(Beginning of Record excerpts)

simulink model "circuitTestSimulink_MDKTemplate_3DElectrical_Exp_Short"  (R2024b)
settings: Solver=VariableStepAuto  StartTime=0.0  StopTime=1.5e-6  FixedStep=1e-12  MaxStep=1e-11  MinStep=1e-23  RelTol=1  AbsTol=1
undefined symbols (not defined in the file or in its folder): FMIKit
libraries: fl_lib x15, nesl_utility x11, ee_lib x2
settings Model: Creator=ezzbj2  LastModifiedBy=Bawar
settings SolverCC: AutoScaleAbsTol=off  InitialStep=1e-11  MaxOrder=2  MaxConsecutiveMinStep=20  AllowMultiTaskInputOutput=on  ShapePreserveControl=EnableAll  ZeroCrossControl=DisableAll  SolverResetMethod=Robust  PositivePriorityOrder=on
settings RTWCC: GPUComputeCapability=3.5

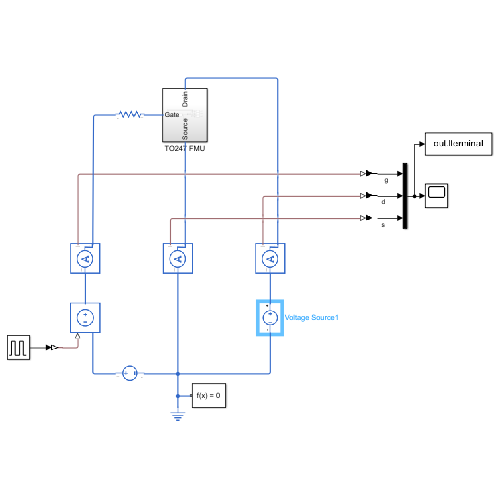
[thumbnail: Simulink's stored preview of the top-level diagram]
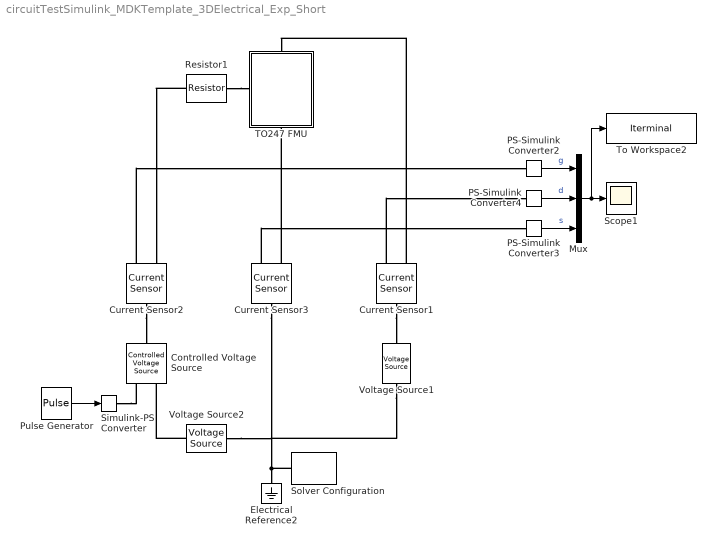
== system circuitTestSimulink_MDKTemplate_3DElectrical_Exp_Short ==
  Controlled Voltage Source : fl_lib/Electrical/Electrical Sources/Controlled Voltage Source
  Current Sensor1 : fl_lib/Electrical/Electrical Sensors/Current Sensor
  Current Sensor2 : fl_lib/Electrical/Electrical Sensors/Current Sensor
  Current Sensor3 : fl_lib/Electrical/Electrical Sensors/Current Sensor
  Electrical Reference2 : fl_lib/Electrical/Electrical Elements/Electrical Reference
  Mux : Mux  Inputs=3
  PS-Simulink Converter2 : nesl_utility/PS-Simulink Converter  PhysicalDomain=network_engine_domain  SubClassName=ps_output  LeftPortType=input  RightPortType=output  PseudoPeriodic=off  Frequencies=[]  VectorFormat=inherit  Unit=inherit  AffineConversion=off
  PS-Simulink Converter3 : nesl_utility/PS-Simulink Converter  PhysicalDomain=network_engine_domain  SubClassName=ps_output  LeftPortType=input  RightPortType=output  PseudoPeriodic=off  Frequencies=[]  VectorFormat=inherit  Unit=inherit  AffineConversion=off
  PS-Simulink Converter4 : nesl_utility/PS-Simulink Converter  PhysicalDomain=network_engine_domain  SubClassName=ps_output  LeftPortType=input  RightPortType=output  PseudoPeriodic=off  Frequencies=[]  VectorFormat=inherit  Unit=inherit  AffineConversion=off
  Pulse Generator : DiscretePulseGenerator  PulseType=Time based  Amplitude=20  Period=1e-6  PulseWidth=50
  Resistor1 : fl_lib/Electrical/Electrical Elements/Resistor  R=2 Ohm  i_specify=off  i_priority=None  i=0 A  i_nominal_specify=off  i_nominal_value=1  i_nominal_unit=A  v_specify=off  v_priority=None  v=0 V  v_nominal_specify=off  v_nominal_value=1  v_nominal_unit=V
  Scope1 : Scope
  Simulink-PS Converter : nesl_utility/Simulink-PS Converter  PhysicalDomain=network_engine_domain  SubClassName=ps_input  LeftPortType=input  RightPortType=output  PseudoPeriodic=off  Frequencies=[]  NoiseDistribution=none  NoiseParameters=[]  Unit=1  AffineConversion=off  FilteringAndDerivatives=provide  SimscapeFilterOrder=1  InputFilterTimeConstant=0.001  UdotUserProvided=0
  Solver Configuration : nesl_utility/Solver Configuration  PhysicalDomain=network_engine_domain  SubClassName=solver  LeftPortType=input  RightPortType=generic  Tones=[]  Harmonics=[]  SimulateNoise=off  Profile=off  UseLocalSampling=off  EnableSwitchedLinearOptims=on  FrequencyDomain=off  UseCCode=off  RelTol=0.001  AbsTol=0.001  MinStep=1e-09  ToWorkspace=off  RevertToSquareIcSolve=off  NumHomotopyIterations=100  PhasorMode=off  PhasorModeNumHarmonics=1  ConsistencySolver=NEWTON_XTOL_AFTER_FTOL  IndexReductionMethod=None  DoDC=off  ResidualTolerance=1e-09  ConsistencyTolSource=GLOBAL  ConsistencyAbsTol=0.01  ConsistencyRelTol=0.001  ConsistencyTolFactor=0.1  UseLocalSolver=off  LocalSolverChoice=NE_BACKWARD_EULER_ADVANCER  ResolveIndetEquations=on  FunctionEvalNumThread=1  LocalSolverSampleTime=1e-12  DoFixedCost=off  MaxNonlinIter=30  MaxModeIter=2  ComputeImpulses=on  ImpulseIterations=2  LinearAlgebra=auto  LinearAlgebraNumThread=0  EquationFormulation=NE_TIME_EF  DelaysMemoryBudget=1024  AutomaticFiltering=off  FilteringTimeConstant=0.001  PartitionStorageMethod=EXHAUSTIVE  PartitionMemoryBudget=1024  PartitionMethod=ROBUST  MultibodyUseLocalSolver=off  MultibodyLocalSolverChoice=ODE1  MultibodyLocalSolverSampleTime=0.001
  TO247 FMU : Subsystem
      settings: PortSchema="{\"entries\":[{\"content\":{\"sides\":[{\"content\":{\"connectorIds\":[\"LConn1\"]},\"type\":\"ConnectorPlacement.EquallySpacedRectSide\",\"uuid\":\"1a7c621a-b2c4-44d6-8085-8acdfe65af3e\"},{\"content\":{\"side\":\"RIGHT\"},\"type\":\"ConnectorPlacement.EquallySpacedRectSide\",\"uuid\":\"009b5a79-97ab-42cc-83a0-e109b769c9f7\"},{\"content\":{\"connectorIds\":[\"LConn2\"],\"side\":\"TOP\"},\"type\":\"ConnectorPlacement.EquallySpacedRectSide\",\"uuid\":\"b2698f3e-d975-41db-922f-800e4c377170\"},{\"content\":{\"connectorIds\":[\"RConn1\"],\"side\":\"BOTTOM\"},\"type\":\"ConnectorPlacement.EquallySpacedRectSide\",\"uuid\":\"c87b7d4f-b69b-4cab-ae10-03d23c792008\"}]},\"type\":\"ConnectorPlacement.EquallySpacedConnector\",\"uuid\":\"776127ee-5564-4d8f-a192-88fd759918ca\"}],\"packageUris\":[\"http://schema.mathworks.com/mf0/Connector/R2020b\"],\"version\":\"1.0\"}"
  To Workspace2 : ToWorkspace  VariableName=Iterminal  SaveFormat=Timeseries  SampleTime=-1
  Voltage Source1 : ee_lib/Sources/Voltage Source  dc_voltage=400 V  ac_voltage=0 V  ac_shift=0 rad  ac_frequency=60 Hz  noise_mode=ee.enum.sources.noise.Disabled  PSD=0 V^2/Hz  sample_time=1e-3 s  repeatability=ee.enum.sources.repeatability.NotRepeatable  user_seed=0  auto_seed=545404223  i_specify=off  i_priority=None  i=0 A  i_nominal_specify=off  i_nominal_value=1  i_nominal_unit=A  v_specify=off  v_priority=None  v=0 V  v_nominal_specify=off  v_nominal_value=1  v_nominal_unit=V
  Voltage Source2 : ee_lib/Sources/Voltage Source  dc_voltage=-5 V  ac_voltage=0 V  ac_shift=0 rad  ac_frequency=60 Hz  noise_mode=ee.enum.sources.noise.Disabled  PSD=0 V^2/Hz  sample_time=1e-3 s  repeatability=ee.enum.sources.repeatability.NotRepeatable  user_seed=0  auto_seed=3499211588  i_specify=off  i_priority=None  i=0 A  i_nominal_specify=off  i_nominal_value=1  i_nominal_unit=A  v_specify=off  v_priority=None  v=0 V  v_nominal_specify=off  v_nominal_value=1  v_nominal_unit=V
  wires:
  Mux/1 -> Scope1/1, To Workspace2/1
  PS-Simulink Converter2/1 -> Mux/1  "g"
  PS-Simulink Converter3/1 -> Mux/3  "s"
  PS-Simulink Converter4/1 -> Mux/2  "d"
  Pulse Generator/1 -> Simulink-PS Converter/1
  connections:
  Current Sensor2/RConn1 -- PS-Simulink Converter2/LConn1
  Current Sensor3/RConn1 -- PS-Simulink Converter3/LConn1
  Current Sensor1/RConn1 -- PS-Simulink Converter4/LConn1
  Current Sensor1/LConn1 -- Voltage Source1/LConn1
  Current Sensor2/LConn1 -- Controlled Voltage Source/LConn1
  Current Sensor3/RConn2 -- TO247 FMU/RConn1
  Solver Configuration/RConn1 -- Current Sensor3/LConn1 -- Voltage Source1/RConn1 -- Voltage Source2/RConn1 -- Electrical Reference2/LConn1
  Resistor1/LConn1 -- TO247 FMU/LConn1
  Current Sensor1/RConn2 -- TO247 FMU/LConn2
  Simulink-PS Converter/RConn1 -- Controlled Voltage Source/RConn1
  Voltage Source2/LConn1 -- Controlled Voltage Source/RConn2
  Resistor1/RConn1 -- Current Sensor2/RConn2

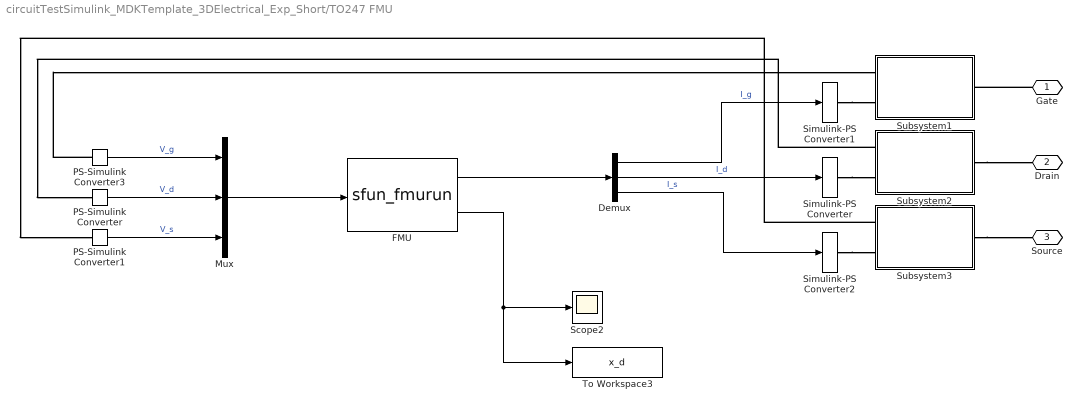
== system circuitTestSimulink_MDKTemplate_3DElectrical_Exp_Short/TO247 FMU ==
  Demux : Demux  Outputs=3
  FMU : S-Function  LoadFcn=FMIKit.setSFunctionParameters(gcb)  FunctionName=sfun_fmurun  Parameters=3.0 0 '{D773325B-AB94-4630-BF85-643EB24FCB80}' 'MDKCircuit_3DElectrical_Exp_Short' FMIKit.getUnzipDirectory(gcb) 0 0 0 '' FMIKit.getSolverRelativeTolerance(bdroot(gcb)) -1 0 10 0 0 [3] [1.0] [2] [9] [3 10] [2 2] [10 11]  SFunctionDeploymentMode=off  EnableBusSupport=off
      settings: DeleteFcn=FMIKit.closeBlockDialog(gcbh)  ModelCloseFcn=FMIKit.closeBlockDialog(gcbh)  DestroyFcn=FMIKit.closeBlockDialog(gcbh)  OpenFcn=FMIKit.showBlockDialog(gcbh);  CloseFcn=FMIKit.closeBlockDialog(gcbh)  ParentCloseFcn=FMIKit.closeBlockDialog(gcbh)
      mask Help: eval('FMIKit.showBlockDialogHelp();')
      mask Display:
      | port_label('input', 1, 'u');
      | port_label('output', 1, 'y');
      | port_label('output', 2, 'x_d');
  Mux : Mux  Inputs=3
  PS-Simulink Converter : nesl_utility/PS-Simulink Converter  PhysicalDomain=network_engine_domain  SubClassName=ps_output  LeftPortType=input  RightPortType=output  PseudoPeriodic=off  Frequencies=[]  VectorFormat=inherit  Unit=inherit  AffineConversion=on
  PS-Simulink Converter1 : nesl_utility/PS-Simulink Converter  PhysicalDomain=network_engine_domain  SubClassName=ps_output  LeftPortType=input  RightPortType=output  PseudoPeriodic=off  Frequencies=[]  VectorFormat=inherit  Unit=inherit  AffineConversion=on
  PS-Simulink Converter3 : nesl_utility/PS-Simulink Converter  PhysicalDomain=network_engine_domain  SubClassName=ps_output  LeftPortType=input  RightPortType=output  PseudoPeriodic=off  Frequencies=[]  VectorFormat=inherit  Unit=inherit  AffineConversion=off
  Scope2 : Scope
  Simulink-PS Converter : nesl_utility/Simulink-PS Converter  PhysicalDomain=network_engine_domain  SubClassName=ps_input  LeftPortType=input  RightPortType=output  PseudoPeriodic=off  Frequencies=[]  NoiseDistribution=none  NoiseParameters=[]  Unit=1  AffineConversion=off  FilteringAndDerivatives=zero  SimscapeFilterOrder=1  InputFilterTimeConstant=1e-11  UdotUserProvided=0
  Simulink-PS Converter1 : nesl_utility/Simulink-PS Converter  PhysicalDomain=network_engine_domain  SubClassName=ps_input  LeftPortType=input  RightPortType=output  PseudoPeriodic=off  Frequencies=[]  NoiseDistribution=none  NoiseParameters=[]  Unit=1  AffineConversion=off  FilteringAndDerivatives=zero  SimscapeFilterOrder=1  InputFilterTimeConstant=1e-11  UdotUserProvided=0
  Simulink-PS Converter2 : nesl_utility/Simulink-PS Converter  PhysicalDomain=network_engine_domain  SubClassName=ps_input  LeftPortType=input  RightPortType=output  PseudoPeriodic=off  Frequencies=[]  NoiseDistribution=none  NoiseParameters=[]  Unit=1  AffineConversion=off  FilteringAndDerivatives=zero  SimscapeFilterOrder=1  InputFilterTimeConstant=1e-11  UdotUserProvided=0
  Subsystem1 : Subsystem
  Subsystem2 : Subsystem
  Subsystem3 : Subsystem
  To Workspace3 : ToWorkspace  VariableName=x_d  SaveFormat=Timeseries  SampleTime=-1
  Gate : PMIOPort  Side=Left
  Drain : PMIOPort  Port=2  Side=Left
  Source : PMIOPort  Port=3  Side=Right
  wires:
  PS-Simulink Converter1/1 -> Mux/3  "V_s"
  PS-Simulink Converter/1 -> Mux/2  "V_d"
  PS-Simulink Converter3/1 -> Mux/1  "V_g"
  Demux/1 -> Simulink-PS Converter1/1  "I_g"
  Demux/2 -> Simulink-PS Converter/1  "I_d"
  Demux/3 -> Simulink-PS Converter2/1  "I_s"
  FMU/1 -> Demux/1
  Mux/1 -> FMU/1
  FMU/2 -> To Workspace3/1, Scope2/1
  connections:
  Subsystem2/LConn1 -- PS-Simulink Converter/LConn1
  PS-Simulink Converter3/LConn1 -- Subsystem1/LConn1
  Subsystem3/LConn1 -- PS-Simulink Converter1/LConn1
  Gate/RConn1 -- Subsystem1/RConn1
  Subsystem2/RConn1 -- Drain/RConn1
  Subsystem3/RConn1 -- Source/RConn1
  Simulink-PS Converter1/RConn1 -- Subsystem1/LConn2
  Simulink-PS Converter/RConn1 -- Subsystem2/LConn2
  Simulink-PS Converter2/RConn1 -- Subsystem3/LConn2

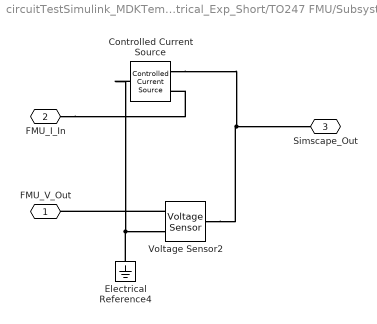
== system circuitTestSimulink_MDKTemplate_3DElectrical_Exp_Short/TO247 FMU/Subsystem1 ==
  Controlled Current Source : fl_lib/Electrical/Electrical Sources/Controlled Current Source
  Electrical Reference4 : fl_lib/Electrical/Electrical Elements/Electrical Reference
  Voltage Sensor2 : fl_lib/Electrical/Electrical Sensors/Voltage Sensor
  FMU_V_Out : PMIOPort  Side=Left
  FMU_I_In : PMIOPort  Port=2  Side=Left
  Simscape_Out : PMIOPort  Port=3  Side=Right
  connections:
  Voltage Sensor2/RConn1 -- FMU_V_Out/RConn1
  FMU_I_In/RConn1 -- Controlled Current Source/RConn1
  Electrical Reference4/LConn1 -- Controlled Current Source/LConn1 -- Voltage Sensor2/RConn2
  Voltage Sensor2/LConn1 -- Controlled Current Source/RConn2 -- Simscape_Out/RConn1

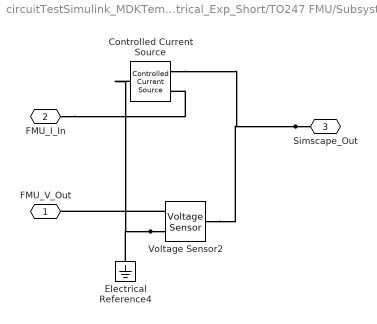
== system circuitTestSimulink_MDKTemplate_3DElectrical_Exp_Short/TO247 FMU/Subsystem2 ==
  Controlled Current Source : fl_lib/Electrical/Electrical Sources/Controlled Current Source
  Electrical Reference4 : fl_lib/Electrical/Electrical Elements/Electrical Reference
  Voltage Sensor2 : fl_lib/Electrical/Electrical Sensors/Voltage Sensor
  FMU_V_Out : PMIOPort  Side=Left
  FMU_I_In : PMIOPort  Port=2  Side=Left
  Simscape_Out : PMIOPort  Port=3  Side=Right
  connections:
  Voltage Sensor2/RConn1 -- FMU_V_Out/RConn1
  FMU_I_In/RConn1 -- Controlled Current Source/RConn1
  Voltage Sensor2/RConn2 -- Electrical Reference4/LConn1 -- Controlled Current Source/LConn1
  Simscape_Out/RConn1 -- Voltage Sensor2/LConn1 -- Controlled Current Source/RConn2

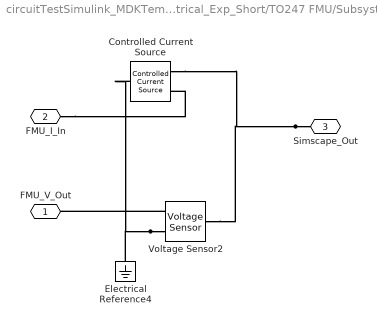
== system circuitTestSimulink_MDKTemplate_3DElectrical_Exp_Short/TO247 FMU/Subsystem3 ==
  Controlled Current Source : fl_lib/Electrical/Electrical Sources/Controlled Current Source
  Electrical Reference4 : fl_lib/Electrical/Electrical Elements/Electrical Reference
  Voltage Sensor2 : fl_lib/Electrical/Electrical Sensors/Voltage Sensor
  FMU_V_Out : PMIOPort  Side=Left
  FMU_I_In : PMIOPort  Port=2  Side=Left
  Simscape_Out : PMIOPort  Port=3  Side=Right
  connections:
  Voltage Sensor2/RConn1 -- FMU_V_Out/RConn1
  FMU_I_In/RConn1 -- Controlled Current Source/RConn1
  Voltage Sensor2/RConn2 -- Electrical Reference4/LConn1 -- Controlled Current Source/LConn1
  Simscape_Out/RConn1 -- Voltage Sensor2/LConn1 -- Controlled Current Source/RConn2

(End of Record excerpts)

In the listing above, find the line with "PS-Simulink Converter4/1 ->" and the line with "Demux : Demux". Set down both and every line between them, minus the pictures.

Solution below ->
  PS-Simulink Converter4/1 -> Mux/2  "d"
  Pulse Generator/1 -> Simulink-PS Converter/1
  connections:
  Current Sensor2/RConn1 -- PS-Simulink Converter2/LConn1
  Current Sensor3/RConn1 -- PS-Simulink Converter3/LConn1
  Current Sensor1/RConn1 -- PS-Simulink Converter4/LConn1
  Current Sensor1/LConn1 -- Voltage Source1/LConn1
  Current Sensor2/LConn1 -- Controlled Voltage Source/LConn1
  Current Sensor3/RConn2 -- TO247 FMU/RConn1
  Solver Configuration/RConn1 -- Current Sensor3/LConn1 -- Voltage Source1/RConn1 -- Voltage Source2/RConn1 -- Electrical Reference2/LConn1
  Resistor1/LConn1 -- TO247 FMU/LConn1
  Current Sensor1/RConn2 -- TO247 FMU/LConn2
  Simulink-PS Converter/RConn1 -- Controlled Voltage Source/RConn1
  Voltage Source2/LConn1 -- Controlled Voltage Source/RConn2
  Resistor1/RConn1 -- Current Sensor2/RConn2

== system circuitTestSimulink_MDKTemplate_3DElectrical_Exp_Short/TO247 FMU ==
  Demux : Demux  Outputs=3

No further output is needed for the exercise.